VERSION_CODENAME=hirsute
UBUNTU_CODENAME=hirsute
$ gcc -v
Using built-in specs.
COLLECT_GCC=gcc
COLLECT_LTO_WRAPPER=/usr/lib/gcc/x86_64-linux-gnu/10/lto-wrapper
OFFLOAD_TARGET_NAMES=nvptx-none:amdgcn-amdhsa:hsa
OFFLOAD_TARGET_DEFAULT=1
Target: x86_64-linux-gnu
Configured with: ../src/configure -v --with-pkgversion='Ubuntu 10.3.0-1ubuntu1' --with-bugurl=file:///usr/share/doc/gcc-10/README.Bugs --enable-languages=c,ada,c++,go,brig,d,fortran,objc,obj-c++,m2 --prefix=/usr --with-gcc-major-version-only --program-suffix=-10 --program-prefix=x86_64-linux-gnu- --enable-shared --enable-linker-build-id --libexecdir=/usr/lib --without-included-gettext --enable-threads=posix --libdir=/usr/lib --enable-nls --enable-bootstrap --enable-clocale=gnu --enable-libstdcxx-debug --enable-libstdcxx-time=yes --with-default-libstdcxx-abi=new --enable-gnu-unique-object --disable-vtable-verify --enable-plugin --enable-default-pie --with-system-zlib --enable-libphobos-checking=release --with-target-system-zlib=auto --enable-objc-gc=auto --enable-multiarch --disable-werror --with-arch-32=i686 --with-abi=m64 --with-multilib-list=m32,m64,mx32 --enable-multilib --with-tune=generic --enable-offload-targets=nvptx-none=/build/gcc-10-gDeRY6/gcc-10-10.3.0/debian/tmp-nvptx/usr,amdgcn-amdhsa=/build/gcc-10-gDeRY6/gcc-10-10.3.0/debian/tmp-gcn/usr,hsa --without-cuda-driver --enable-checking=release --build=x86_64-linux-gnu --host=x86_64-linux-gnu --target=x86_64-linux-gnu --with-build-config=bootstrap-lto-lean --enable-link-mutex
Thread model: posix
Supported LTO compression algorithms: zlib zstd
gcc version 10.3.0 (Ubuntu 10.3.0-1ubuntu1)
jakevc commented 3 years ago

Ahh there we are, okay so without --barcodeWhiteList we are cookin with heat.

trust4-clean/run-trust4 -t 8 --od ./foxlab-trust4 -o run1 -f refs/hg38_bcrtcr.fa --ref refs/human_IMGT+C.fa -u data/*_R2_*.fastq.gz --barcode data/*_R1_*.fastq.gz --barcodeRange 0 15 + --UMI data/*_R1_*.fastq.gz --umiRange 16 25 + --repseq

That command is running.

jakevc commented 2 years ago

Just kidding that eventually failed also with:

system /trust4-clean/trust4  -f refs/hg38_bcrtcr.fa --trimLevel 2 --skipMateExtension -t 16 -o ./foxlab-trust4/run1 -u ./foxlab-trust4/run1_toassemble.fq --barcode ./foxlab-trust4/run1_toassemble_bc.fa --UMI ./foxlab-trust4/run1_toassemble_umi.fa failed: 9 at trust4-clean/run-trust4 line 48.
mourisl commented 2 years ago

I think this is related to #74 . I just found a Ubuntu machine, though TRUST4 did not crash there, but had some errors in memory accessing.

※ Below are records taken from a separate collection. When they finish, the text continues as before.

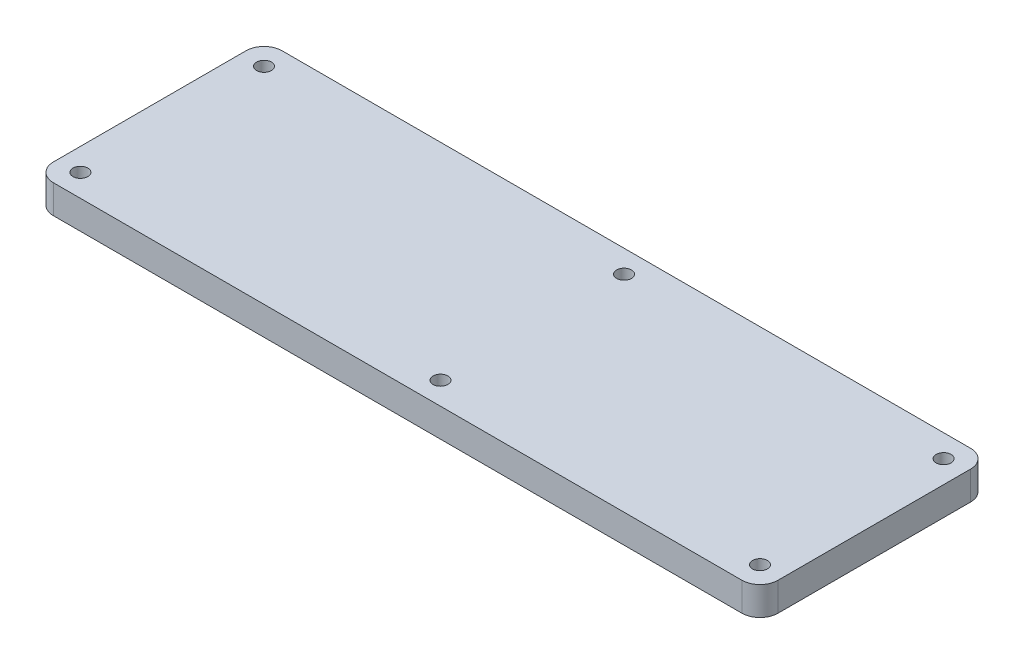
from build123d import *

# Parameters (mm, degrees)
SKETCH1_W             = 161
SKETCH1_H             = 50.8
BOSS_EXTRUDE1_DEPTH   = 6.35
FILLET1_R             = 4
M4X0_7_TAPPED_HOLE1_D = 3.3


with BuildPart() as part:
    # Sketch1 → Boss-Extrude1 (new body)
    with BuildSketch(Plane(origin=(0, 0, 0), x_dir=(1, 0, 0), z_dir=(0, 1, 0))):
        with Locations((34.088372112, 0.214238128)):
            Rectangle(SKETCH1_W, SKETCH1_H)
    extrude(amount=BOSS_EXTRUDE1_DEPTH)

    # Fillet1
    fillet1_edges = [part.edges().sort_by_distance(p)[0] for p in [
        (114.588372112, 3.175, 25.185761872),
        (114.588372112, 3.175, -25.614238128),
        (-46.411627888, 3.175, 25.185761872),
        (-46.411627888, 3.175, -25.614238128),
    ]]
    fillet(fillet1_edges, radius=FILLET1_R)

    # M4x0.7 Tapped Hole1 (through all)
    with Locations(Plane(origin=(0, 6.35, 0), x_dir=(1, 0, 0), z_dir=(0, 1, 0))):
        with Locations((-41.411627888, -20.185761872), (38.588372112, -20.185761872), (109.588372112, -20.185761872), (109.588372112, 20.614238128), (38.588372112, 20.614238128), (-41.411627888, 20.614238128)):
            Hole(M4X0_7_TAPPED_HOLE1_D / 2)


solid = part.part

I think this could be due to some compiler optimization. Could you please change the second row of the Makefile from "-O3" to "-O", run "make clean; make" and then test it again? Thank you.

If it is indeed the optimization issue, it could take some time to fix.

jakevc commented 2 years ago

I did recompile with -O, then switched to a machine with more memory and the run finished. After observing the memory usage during runtime, it appears the machine didn't have enough memory to handle all my fastqs. Anyhow, if there was some way to return an informative error when the program runs out of memory that would be useful for future users. Thanks!

snowGoose-Chen commented 2 years ago

I had the same error "Unknown parameter (null)" error before the output of "Start to extract candidate reads..." when using TRUST4 installed from conda. But when I used the TRUST4 cloned and compiled from GitHub, the problem was magically solved. I ran the same command in these two situations. I don't understand what happened.

mourisl commented 2 years ago

The TRUST4 conda is still the previous version. Let me create a new TRUST4 version, and conda will have the update in a few days.